Palhaço estava prestes a entrar em cena quando o incêndio começou - Francisco Moreira da Costa/Revista Flagrante
Brasil

Neste dia, em 1961, o pior incêndio do Brasil causava a morte de 503 pessoas

A tragédia do Gran Circo resultou no dobro de vítimas fatais dos incêndios do edifício Joelma e da boate Kiss

Thiago Lincolins Publicado em 17/12/2019, às 10h36

Era uma tarde quente em Niterói, 17 de dezembro de 1961. Instalado na Praça do Expedicionário, o Gran Circo Norte-Americano, autoproclamado maior da América Latina, recebia mais de 3 mil visitantes.

No panfleto convocando o respeitável público, anunciaram orgulhosamente terem uma tenda do mais moderno material — nylon. Coberto por parafina para impermeabilizar.

Parafina, a matéria-prima das velas. Muitas seriam acesas por esse deslize. Estava para começar o pior desastre circense de toda a História, em todo o planeta. E o pior incêndio do Brasil, com mais de o dobro das 189 vítimas do Joelma, em 1974, e as 242 da boate Kiss, em 2013.

Vingança

Dois dias antes, uma figura soturna rodeava o circo. Era Adílson Marcelino Alves, mais conhecido por Dequinha. Fora um dos 50 trabalhadores que o dono, Danilo Stevanovich, havia contratado para realizar a montagem da estrutura. Tinha a ficha suja por furto, aparentava problemas mentais e terminou demitido após apenas dois dias.

Na véspera do incêndio, Dequinha fora agredido por Maciel Felizardo, funcionário do circo, após bater boca com ele, acusando-o de ser responsável por sua demissão. Na fatídica tarde, seu ódio acabou multiplicado ao ser barrado na porta por tentar entrar de graça.

Circo em chamas

O circo havia atingido sua lotação máxima. Três mil pessoas assistiam ao espetáculo. Faltando apenas 20 minutos para o fim, o pânico foi instantâneo: a lona incendiou-se ruidosamente e seus pedaços começaram a cair sobre as pessoas, que se empurraram em desespero, até que algumas delas não pudessem mais respirar no aperto.

Os destroços após o grande incêndio / Crédito: Jorge Peter/Revista Flagrante

 

A elefanta saiu em disparada, atropelando quem estivesse no caminho — mas abrindo uma saída, porque não havia nenhum plano de emergência. Em pouco mais de 5 minutos, a lona foi totalmente consumida pelo fogo. De imediato, 372 pessoas jaziam mortas. As outras, num total oficial de 503 vítmas, morreriam depois.

Era homicídio, foi a conclusão da polícia. Após ser barrado na entrada, Dequinha havia reunido dois comparsas — José dos Santos, o "Pardal", e Walter Rosa dos Santos, o "Bigode", — para começar sua vingança. Que era simples: jogaram gasolina na lona e acenderam.

Não exatamente mestres do crime, todos iriam presos antes do final de dezembro. Em outubro de 1962, Dequinha foi condenado a 16 anos de prisão. Terminaria assassinado ao tentar fugir, em 1973 — nunca ficou claro por que e por quem. Bigode foi condenado a 16 anos de prisão e Pardal, a 14 anos.

O então presidente João Goulart imediatamente foi para Niterói acompanhar a situação. Voluntários fizeram fila para doar sangue. O caso causou comoção mundial, com doações vindas dos EUA até o Vaticano.
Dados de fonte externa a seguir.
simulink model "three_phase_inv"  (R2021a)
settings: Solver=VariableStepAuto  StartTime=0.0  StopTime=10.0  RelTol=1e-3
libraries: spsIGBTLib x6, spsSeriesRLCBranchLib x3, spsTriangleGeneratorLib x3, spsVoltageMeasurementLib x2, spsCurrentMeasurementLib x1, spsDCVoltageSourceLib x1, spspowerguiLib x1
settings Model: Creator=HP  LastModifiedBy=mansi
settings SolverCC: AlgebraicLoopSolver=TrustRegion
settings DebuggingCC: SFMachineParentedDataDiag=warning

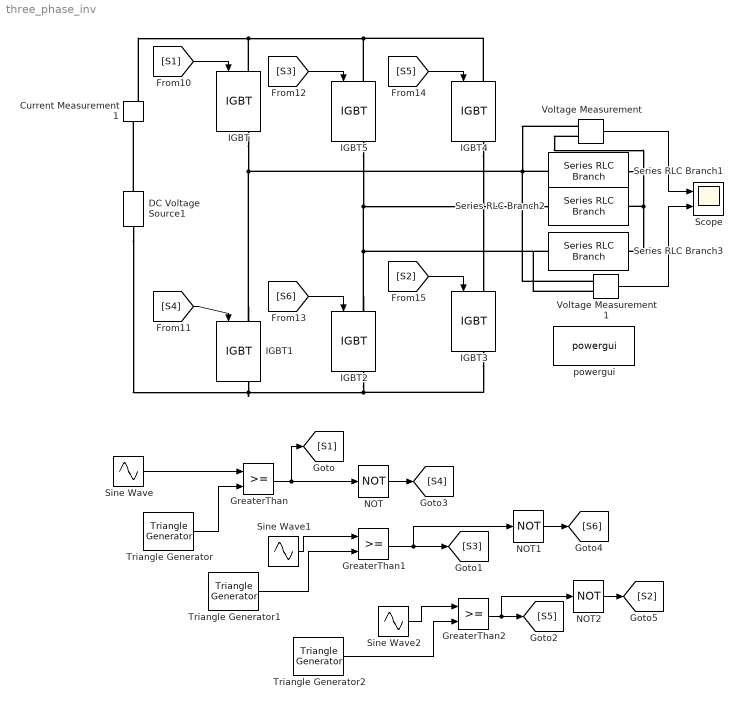
== system three_phase_inv ==
  Current Measurement1 : spsCurrentMeasurementLib/Current Measurement  PhasorSimulation=off  OutputType=Complex  PSBequivalent=0
  DC Voltage Source1 : spsDCVoltageSourceLib/DC Voltage Source  Amplitude=800  Measurements=None
  GreaterThan : RelationalOperator  OutDataTypeStr=boolean  RndMeth=Simplest
  GreaterThan1 : RelationalOperator  OutDataTypeStr=boolean  RndMeth=Simplest
  GreaterThan2 : RelationalOperator  OutDataTypeStr=boolean  RndMeth=Simplest
  IGBT{,1..5} (6 alike) : spsIGBTLib/IGBT  Ron=20e-3  Lon=0  Vf=0.7  Tf=1e-6  Tt=2e-6  IC=0  Rs=1e5  Cs=inf  Measurements=on
  NOT : Logic  Operator=NOT  IconShape=distinctive  AllPortsSameDT=off  OutDataTypeStr=boolean
  NOT1 : Logic  Operator=NOT  IconShape=distinctive  AllPortsSameDT=off  OutDataTypeStr=boolean
  NOT2 : Logic  Operator=NOT  IconShape=distinctive  AllPortsSameDT=off  OutDataTypeStr=boolean
  Scope : Scope  NumInputPorts=2
  Series RLC Branch1 : spsSeriesRLCBranchLib/Series RLC Branch  LConnTagsString=__new0  RConnTagsString=__new0  BranchType=RL  Resistance=40  Inductance=20e-3  SetiL0=off  InitialCurrent=0  Capacitance=1e-6  Setx0=off  InitialVoltage=0  Measurements=None
  Series RLC Branch2 : spsSeriesRLCBranchLib/Series RLC Branch  LConnTagsString=__new0  RConnTagsString=__new0  BranchType=RL  Resistance=40  Inductance=20e-3  SetiL0=off  InitialCurrent=0  Capacitance=1e-6  Setx0=off  InitialVoltage=0  Measurements=None
  Series RLC Branch3 : spsSeriesRLCBranchLib/Series RLC Branch  LConnTagsString=__new0  RConnTagsString=__new0  BranchType=RL  Resistance=40  Inductance=20e-3  SetiL0=off  InitialCurrent=0  Capacitance=1e-6  Setx0=off  InitialVoltage=0  Measurements=None
  Sine Wave : Sin  Frequency=314  SampleTime=0
  Sine Wave1 : Sin  Frequency=314  Phase=-2*pi/3  SampleTime=0
  Sine Wave2 : Sin  Frequency=314  Phase=2*pi/3  SampleTime=0
  Triangle Generator : spsTriangleGeneratorLib/Triangle Generator  Freq=15e3  Phase=90  Ts=0
  Triangle Generator1 : spsTriangleGeneratorLib/Triangle Generator  Freq=15e3  Phase=90  Ts=0
  Triangle Generator2 : spsTriangleGeneratorLib/Triangle Generator  Freq=15e3  Phase=90  Ts=0
  Voltage Measurement : spsVoltageMeasurementLib/Voltage Measurement  PhasorSimulation=off  OutputType=Complex  PSBequivalent=0
  Voltage Measurement1 : spsVoltageMeasurementLib/Voltage Measurement  PhasorSimulation=off  OutputType=Complex  PSBequivalent=0
  powergui : spspowerguiLib/powergui  Priority=1  SimulationMode=Discrete  SampleTime=1e-7  frequency=60  Iterations=50  frequencyindice=60  Pbase=100e6  ErrMax=1e-4  UnitsV=kV  UnitsW=MW  buscounter=0  FunctionMessages=off  echomessages=off  EnableUseOfTLC=off  CurrentSourceSwitches=off  DisableSnubberDevices=off  DisableRonSwitches=off  DisableVfSwitches=off  DisplayEquations=off  AutomaticDiscreteSolvers=off  SolverType=Tustin/Backward Euler (TBE)  Interpol=off  ExternalGateDelay=off  methode=off  Ts=100  x0status=blocks  SPID=on  SwTol=0  HookPort=off  NonlinearTolerance=1e-4  nMaxIteration=100  ContinueOnMaxIteration=off  RestoreLinks=warning  ResistiveCurrentMeasurement=off  Frange=[0:2:500]  Ylog=off  Xlog=on  ShowGrid=off  save=off  variable=ZData  structure=0  ZoomFFT=off  StartTime=0.0  cycles=1  DisplayStyle=1  fundamental=60  FreqAxis=off  MaxFrequency=1000  frequencyindicesteady=1  RmsSteady=1  display=off
  wires:
  [S2] -> IGBT3/1
  [S5] -> IGBT4/1
  [S6] -> IGBT2/1
  [S4] -> IGBT1/1
  [S3] -> IGBT5/1
  [S1] -> IGBT/1
  GreaterThan/1 -> NOT/1, [S1]
  GreaterThan2/1 -> [S5], NOT2/1
  GreaterThan1/1 -> [S3], NOT1/1
  NOT/1 -> [S4]
  NOT1/1 -> [S6]
  Voltage Measurement/1 -> Scope/1
  Voltage Measurement1/1 -> Scope/2
  NOT2/1 -> [S2]
  Sine Wave1/1 -> GreaterThan1/1
  Triangle Generator2/1 -> GreaterThan2/2
  Triangle Generator1/1 -> GreaterThan1/2
  Sine Wave2/1 -> GreaterThan2/1
  Triangle Generator/1 -> GreaterThan/2
  Sine Wave/1 -> GreaterThan/1
  connections:
  IGBT5/RConn1 -- IGBT2/LConn1 -- Voltage Measurement1/LConn2 -- Series RLC Branch3/LConn1 -- Series RLC Branch2/LConn1
  Series RLC Branch1/RConn1 -- Series RLC Branch3/RConn1 -- Series RLC Branch2/RConn1 -- Voltage Measurement/LConn2
  Current Measurement1/RConn1 -- IGBT/LConn1 -- IGBT4/LConn1 -- IGBT5/LConn1
  Series RLC Branch1/LConn1 -- IGBT1/LConn1 -- IGBT/RConn1 -- Voltage Measurement1/LConn1 -- Voltage Measurement/LConn1
  DC Voltage Source1/LConn1 -- IGBT1/RConn1 -- IGBT3/RConn1 -- IGBT2/RConn1
  DC Voltage Source1/RConn1 -- Current Measurement1/LConn1
  IGBT4/RConn1 -- IGBT3/LConn1

Uma das vítimas da tragédia / Crédito: LABHOI UFF

 

O cirurgião Ivo Pintaguy tornou-se uma celebridade então, ao atender dezenas de vítimas e notar que cirurgia plástica não era apenas vaidade. Com as técnicas desenvolvidas por ele, a cirurgia plástica no Brasil muito deveria à tragédia de 1961.

Não fosse a abismal escolha do nylon e parafina, talvez ninguém teria morrido. Mas a polícia, a imprensa e o governo, considerando a origem criminosa, não responsabilizaram Stevanovich. Nisso, o Brasil perdia a chance de aprender uma séria lição — como se veria nos dois outros desastres já citados, causados por negligência no uso de material inflamável em construções.

A história terminaria basicamente apagada. Nada marca o lugar. E há uma clínica militar onde um dia se passou o, de longe, pior incêndio da História do Brasil.